## [WHAT THE TASK ASKS]
Below are lines of data, and only some are wanted. Please repeat exactly those from the line that has "#139=LINE('',#138,#137);" through the line that has "#189=FACE_BOUND('',#188,.T.);".

## [MATERIAL PROVIDED]
********

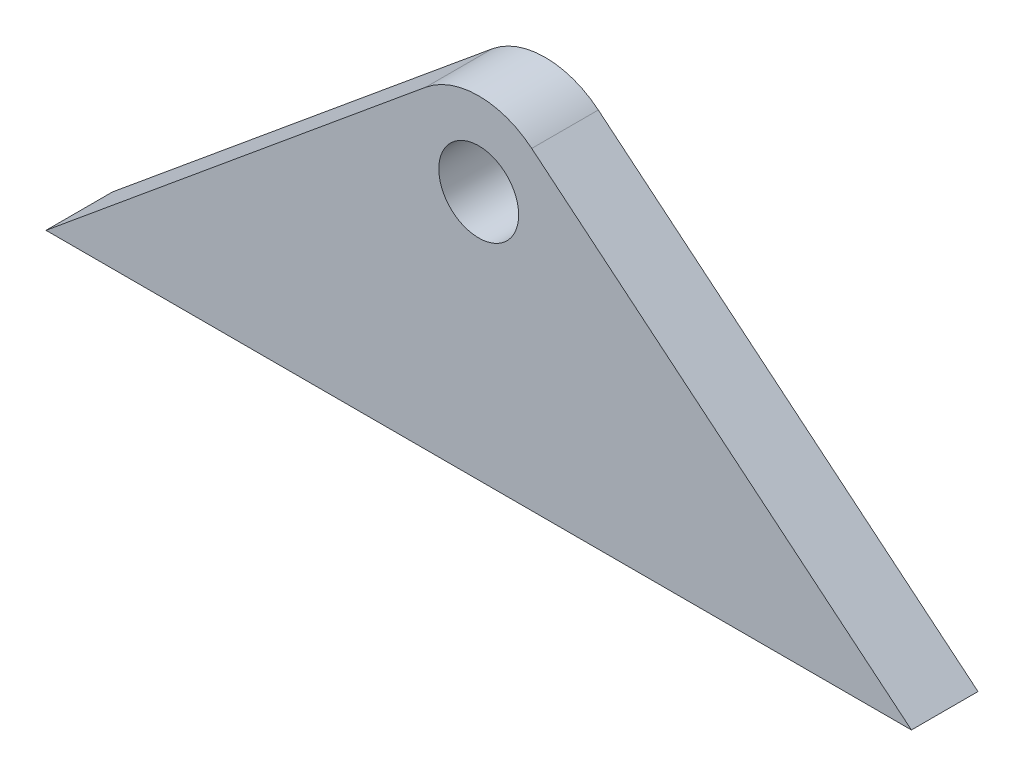
ISO-10303-21;
HEADER;
FILE_DESCRIPTION(('STEP AP214'),'2;1');
FILE_NAME('part.step','',(''),(''),'','','');
FILE_SCHEMA(('AUTOMOTIVE_DESIGN { 1 0 10303 214 1 1 1 1 }'));
ENDSEC;
DATA;
#1=APPLICATION_CONTEXT('core data for automotive mechanical design processes');
#2=APPLICATION_PROTOCOL_DEFINITION('international standard','automotive_design',2000,#1);
#3=PRODUCT_CONTEXT('',#1,'mechanical');
#4=PRODUCT('Part','Part','',(#3));
#5=PRODUCT_RELATED_PRODUCT_CATEGORY('part','',(#4));
#6=PRODUCT_DEFINITION_FORMATION('','',#4);
#7=PRODUCT_DEFINITION_CONTEXT('part definition',#1,'design');
#8=PRODUCT_DEFINITION('design','',#6,#7);
#9=PRODUCT_DEFINITION_SHAPE('','',#8);
#10=(LENGTH_UNIT() NAMED_UNIT(*) SI_UNIT(.MILLI.,.METRE.));
#11=(NAMED_UNIT(*) PLANE_ANGLE_UNIT() SI_UNIT($,.RADIAN.));
#12=(NAMED_UNIT(*) SI_UNIT($,.STERADIAN.) SOLID_ANGLE_UNIT());
#13=UNCERTAINTY_MEASURE_WITH_UNIT(LENGTH_MEASURE(1.E-05),#10,'distance_accuracy_value','');
#14=(GEOMETRIC_REPRESENTATION_CONTEXT(3) GLOBAL_UNCERTAINTY_ASSIGNED_CONTEXT((#13)) GLOBAL_UNIT_ASSIGNED_CONTEXT((#10,
#11,#12)) REPRESENTATION_CONTEXT('',''));
#15=CARTESIAN_POINT('',(0.,0.,0.));
#16=DIRECTION('',(0.,0.,1.));
#17=DIRECTION('',(1.,0.,0.));
#18=AXIS2_PLACEMENT_3D('',#15,#16,#17);
#19=CARTESIAN_POINT('',(0.,75.,10.));
#20=DIRECTION('',(0.,0.,1.));
#21=DIRECTION('',(1.,0.,0.));
#22=AXIS2_PLACEMENT_3D('',#19,#20,#21);
#23=PLANE('',#22);
#24=CARTESIAN_POINT('',(0.,75.,10.));
#25=DIRECTION('',(0.,0.,1.));
#26=DIRECTION('',(1.,0.,0.));
#27=AXIS2_PLACEMENT_3D('',#24,#25,#26);
#28=CIRCLE('',#27,25.);
#29=CARTESIAN_POINT('',(15.9256231300906,94.2710800921569,10.));
#30=VERTEX_POINT('',#29);
#31=CARTESIAN_POINT('',(-15.9256231300906,94.2710800921569,10.));
#32=VERTEX_POINT('',#31);
#33=EDGE_CURVE('E84',#30,#32,#28,.T.);
#34=ORIENTED_EDGE('',*,*,#33,.T.);
#35=DIRECTION('',(-0.770843203686276,-0.637024925203621,0.));
#36=VECTOR('',#35,1.);
#37=CARTESIAN_POINT('',(-130.,0.,10.));
#38=LINE('',#37,#36);
#39=CARTESIAN_POINT('',(-130.,0.,10.));
#40=VERTEX_POINT('',#39);
#41=EDGE_CURVE('E79',#32,#40,#38,.T.);
#42=ORIENTED_EDGE('',*,*,#41,.T.);
#43=DIRECTION('',(1.,0.,0.));
#44=VECTOR('',#43,1.);
#45=CARTESIAN_POINT('',(130.,0.,10.));
#46=LINE('',#45,#44);
#47=CARTESIAN_POINT('',(130.,0.,10.));
#48=VERTEX_POINT('',#47);
#49=EDGE_CURVE('E82',#40,#48,#46,.T.);
#50=ORIENTED_EDGE('',*,*,#49,.T.);
#51=DIRECTION('',(-0.770843203686276,0.637024925203621,0.));
#52=VECTOR('',#51,1.);
#53=CARTESIAN_POINT('',(130.,0.,10.));
#54=LINE('',#53,#52);
#55=EDGE_CURVE('E49',#48,#30,#54,.T.);
#56=ORIENTED_EDGE('',*,*,#55,.T.);
#57=EDGE_LOOP('',(#34,#42,#50,#56));
#58=FACE_BOUND('',#57,.T.);
#59=CARTESIAN_POINT('',(0.,75.,10.));
#60=DIRECTION('',(0.,0.,1.));
#61=DIRECTION('',(1.,0.,0.));
#62=AXIS2_PLACEMENT_3D('',#59,#60,#61);
#63=CIRCLE('',#62,12.);
#64=CARTESIAN_POINT('',(12.,75.,10.));
#65=VERTEX_POINT('',#64);
#66=EDGE_CURVE('E99',#65,#65,#63,.T.);
#67=ORIENTED_EDGE('',*,*,#66,.F.);
#68=EDGE_LOOP('',(#67));
#69=FACE_BOUND('',#68,.T.);
#70=ADVANCED_FACE('F32',(#58,#69),#23,.T.);
#71=CARTESIAN_POINT('',(0.,75.,-10.));
#72=DIRECTION('',(0.,0.,1.));
#73=DIRECTION('',(1.,0.,0.));
#74=AXIS2_PLACEMENT_3D('',#71,#72,#73);
#75=PLANE('',#74);
#76=CARTESIAN_POINT('',(0.,75.,-10.));
#77=DIRECTION('',(0.,0.,1.));
#78=DIRECTION('',(1.,0.,0.));
#79=AXIS2_PLACEMENT_3D('',#76,#77,#78);
#80=CIRCLE('',#79,25.);
#81=CARTESIAN_POINT('',(15.9256231300906,94.2710800921569,-10.));
#82=VERTEX_POINT('',#81);
#83=CARTESIAN_POINT('',(-15.9256231300906,94.2710800921569,-10.));
#84=VERTEX_POINT('',#83);
#85=EDGE_CURVE('E96',#82,#84,#80,.T.);
#86=ORIENTED_EDGE('',*,*,#85,.F.);
#87=DIRECTION('',(-0.770843203686276,0.637024925203621,0.));
#88=VECTOR('',#87,1.);
#89=CARTESIAN_POINT('',(130.,0.,-10.));
#90=LINE('',#89,#88);
#91=CARTESIAN_POINT('',(130.,0.,-10.));
#92=VERTEX_POINT('',#91);
#93=EDGE_CURVE('E72',#92,#82,#90,.T.);
#94=ORIENTED_EDGE('',*,*,#93,.F.);
#95=DIRECTION('',(1.,0.,0.));
#96=VECTOR('',#95,1.);
#97=CARTESIAN_POINT('',(130.,0.,-10.));
#98=LINE('',#97,#96);
#99=CARTESIAN_POINT('',(-130.,0.,-10.));
#100=VERTEX_POINT('',#99);
#101=EDGE_CURVE('E66',#100,#92,#98,.T.);
#102=ORIENTED_EDGE('',*,*,#101,.F.);
#103=DIRECTION('',(-0.770843203686276,-0.637024925203621,0.));
#104=VECTOR('',#103,1.);
#105=CARTESIAN_POINT('',(-130.,0.,-10.));
#106=LINE('',#105,#104);
#107=EDGE_CURVE('E88',#84,#100,#106,.T.);
#108=ORIENTED_EDGE('',*,*,#107,.F.);
#109=EDGE_LOOP('',(#86,#94,#102,#108));
#110=FACE_BOUND('',#109,.T.);
#111=CARTESIAN_POINT('',(0.,75.,-10.));
#112=DIRECTION('',(0.,0.,1.));
#113=DIRECTION('',(1.,0.,0.));
#114=AXIS2_PLACEMENT_3D('',#111,#112,#113);
#115=CIRCLE('',#114,12.);
#116=CARTESIAN_POINT('',(12.,75.,-10.));
#117=VERTEX_POINT('',#116);
#118=EDGE_CURVE('E111',#117,#117,#115,.T.);
#119=ORIENTED_EDGE('',*,*,#118,.T.);
#120=EDGE_LOOP('',(#119));
#121=FACE_BOUND('',#120,.T.);
#122=ADVANCED_FACE('F107',(#110,#121),#75,.F.);
#123=CARTESIAN_POINT('',(0.,75.,10.));
#124=DIRECTION('',(0.,0.,-1.));
#125=DIRECTION('',(-1.,0.,0.));
#126=AXIS2_PLACEMENT_3D('',#123,#124,#125);
#127=CYLINDRICAL_SURFACE('',#126,25.);
#128=ORIENTED_EDGE('',*,*,#85,.T.);
#129=DIRECTION('',(0.,0.,-1.));
#130=VECTOR('',#129,1.);
#131=CARTESIAN_POINT('',(-15.9256231300906,94.2710800921569,10.));
#132=LINE('',#131,#130);
#133=EDGE_CURVE('E11',#32,#84,#132,.T.);
#134=ORIENTED_EDGE('',*,*,#133,.F.);
#135=ORIENTED_EDGE('',*,*,#33,.F.);
#136=DIRECTION('',(0.,0.,-1.));
#137=VECTOR('',#136,1.);
#138=CARTESIAN_POINT('',(15.9256231300906,94.2710800921569,10.));
#139=LINE('',#138,#137);
#140=EDGE_CURVE('E92',#30,#82,#139,.T.);
#141=ORIENTED_EDGE('',*,*,#140,.T.);
#142=EDGE_LOOP('',(#128,#134,#135,#141));
#143=FACE_BOUND('',#142,.T.);
#144=ADVANCED_FACE('F34',(#143),#127,.T.);
#145=CARTESIAN_POINT('',(-130.,0.,10.));
#146=DIRECTION('',(0.637024925203621,-0.770843203686276,0.));
#147=DIRECTION('',(0.770843203686276,0.637024925203621,0.));
#148=AXIS2_PLACEMENT_3D('',#145,#146,#147);
#149=PLANE('',#148);
#150=ORIENTED_EDGE('',*,*,#107,.T.);
#151=DIRECTION('',(0.,0.,-1.));
#152=VECTOR('',#151,1.);
#153=CARTESIAN_POINT('',(-130.,0.,10.));
#154=LINE('',#153,#152);
#155=EDGE_CURVE('E41',#40,#100,#154,.T.);
#156=ORIENTED_EDGE('',*,*,#155,.F.);
#157=ORIENTED_EDGE('',*,*,#41,.F.);
#158=ORIENTED_EDGE('',*,*,#133,.T.);
#159=EDGE_LOOP('',(#150,#156,#157,#158));
#160=FACE_BOUND('',#159,.T.);
#161=ADVANCED_FACE('F87',(#160),#149,.F.);
#162=CARTESIAN_POINT('',(130.,0.,10.));
#163=DIRECTION('',(0.,1.,0.));
#164=DIRECTION('',(0.,0.,1.));
#165=AXIS2_PLACEMENT_3D('',#162,#163,#164);
#166=PLANE('',#165);
#167=ORIENTED_EDGE('',*,*,#101,.T.);
#168=DIRECTION('',(0.,0.,-1.));
#169=VECTOR('',#168,1.);
#170=CARTESIAN_POINT('',(130.,0.,10.));
#171=LINE('',#170,#169);
#172=EDGE_CURVE('E89',#48,#92,#171,.T.);
#173=ORIENTED_EDGE('',*,*,#172,.F.);
#174=ORIENTED_EDGE('',*,*,#49,.F.);
#175=ORIENTED_EDGE('',*,*,#155,.T.);
#176=EDGE_LOOP('',(#167,#173,#174,#175));
#177=FACE_BOUND('',#176,.T.);
#178=ADVANCED_FACE('F90',(#177),#166,.F.);
#179=CARTESIAN_POINT('',(130.,0.,10.));
#180=DIRECTION('',(-0.637024925203621,-0.770843203686276,0.));
#181=DIRECTION('',(0.770843203686276,-0.637024925203621,0.));
#182=AXIS2_PLACEMENT_3D('',#179,#180,#181);
#183=PLANE('',#182);
#184=ORIENTED_EDGE('',*,*,#93,.T.);
#185=ORIENTED_EDGE('',*,*,#140,.F.);
#186=ORIENTED_EDGE('',*,*,#55,.F.);
#187=ORIENTED_EDGE('',*,*,#172,.T.);
#188=EDGE_LOOP('',(#184,#185,#186,#187));
#189=FACE_BOUND('',#188,.T.);
#190=ADVANCED_FACE('F104',(#189),#183,.F.);
#191=CARTESIAN_POINT('',(0.,75.,10.));
#192=DIRECTION('',(0.,0.,-1.));
#193=DIRECTION('',(-1.,0.,0.));
#194=AXIS2_PLACEMENT_3D('',#191,#192,#193);
#195=CYLINDRICAL_SURFACE('',#194,12.);
#196=ORIENTED_EDGE('',*,*,#66,.T.);
#197=EDGE_LOOP('',(#196));
#198=FACE_BOUND('',#197,.T.);
#199=ORIENTED_EDGE('',*,*,#118,.F.);
#200=EDGE_LOOP('',(#199));
#201=FACE_BOUND('',#200,.T.);
#202=ADVANCED_FACE('F117',(#198,#201),#195,.F.);
#203=CLOSED_SHELL('',(#70,#122,#144,#161,#178,#190,#202));
#204=MANIFOLD_SOLID_BREP('B2',#203);
#205=ADVANCED_BREP_SHAPE_REPRESENTATION('',(#18,#204),#14);
#206=SHAPE_DEFINITION_REPRESENTATION(#9,#205);
ENDSEC;
END-ISO-10303-21;

********

## [WRITTEN ANSWER]
#139=LINE('',#138,#137);
#140=EDGE_CURVE('E92',#30,#82,#139,.T.);
#141=ORIENTED_EDGE('',*,*,#140,.T.);
#142=EDGE_LOOP('',(#128,#134,#135,#141));
#143=FACE_BOUND('',#142,.T.);
#144=ADVANCED_FACE('F34',(#143),#127,.T.);
#145=CARTESIAN_POINT('',(-130.,0.,10.));
#146=DIRECTION('',(0.637024925203621,-0.770843203686276,0.));
#147=DIRECTION('',(0.770843203686276,0.637024925203621,0.));
#148=AXIS2_PLACEMENT_3D('',#145,#146,#147);
#149=PLANE('',#148);
#150=ORIENTED_EDGE('',*,*,#107,.T.);
#151=DIRECTION('',(0.,0.,-1.));
#152=VECTOR('',#151,1.);
#153=CARTESIAN_POINT('',(-130.,0.,10.));
#154=LINE('',#153,#152);
#155=EDGE_CURVE('E41',#40,#100,#154,.T.);
#156=ORIENTED_EDGE('',*,*,#155,.F.);
#157=ORIENTED_EDGE('',*,*,#41,.F.);
#158=ORIENTED_EDGE('',*,*,#133,.T.);
#159=EDGE_LOOP('',(#150,#156,#157,#158));
#160=FACE_BOUND('',#159,.T.);
#161=ADVANCED_FACE('F87',(#160),#149,.F.);
#162=CARTESIAN_POINT('',(130.,0.,10.));
#163=DIRECTION('',(0.,1.,0.));
#164=DIRECTION('',(0.,0.,1.));
#165=AXIS2_PLACEMENT_3D('',#162,#163,#164);
#166=PLANE('',#165);
#167=ORIENTED_EDGE('',*,*,#101,.T.);
#168=DIRECTION('',(0.,0.,-1.));
#169=VECTOR('',#168,1.);
#170=CARTESIAN_POINT('',(130.,0.,10.));
#171=LINE('',#170,#169);
#172=EDGE_CURVE('E89',#48,#92,#171,.T.);
#173=ORIENTED_EDGE('',*,*,#172,.F.);
#174=ORIENTED_EDGE('',*,*,#49,.F.);
#175=ORIENTED_EDGE('',*,*,#155,.T.);
#176=EDGE_LOOP('',(#167,#173,#174,#175));
#177=FACE_BOUND('',#176,.T.);
#178=ADVANCED_FACE('F90',(#177),#166,.F.);
#179=CARTESIAN_POINT('',(130.,0.,10.));
#180=DIRECTION('',(-0.637024925203621,-0.770843203686276,0.));
#181=DIRECTION('',(0.770843203686276,-0.637024925203621,0.));
#182=AXIS2_PLACEMENT_3D('',#179,#180,#181);
#183=PLANE('',#182);
#184=ORIENTED_EDGE('',*,*,#93,.T.);
#185=ORIENTED_EDGE('',*,*,#140,.F.);
#186=ORIENTED_EDGE('',*,*,#55,.F.);
#187=ORIENTED_EDGE('',*,*,#172,.T.);
#188=EDGE_LOOP('',(#184,#185,#186,#187));
#189=FACE_BOUND('',#188,.T.);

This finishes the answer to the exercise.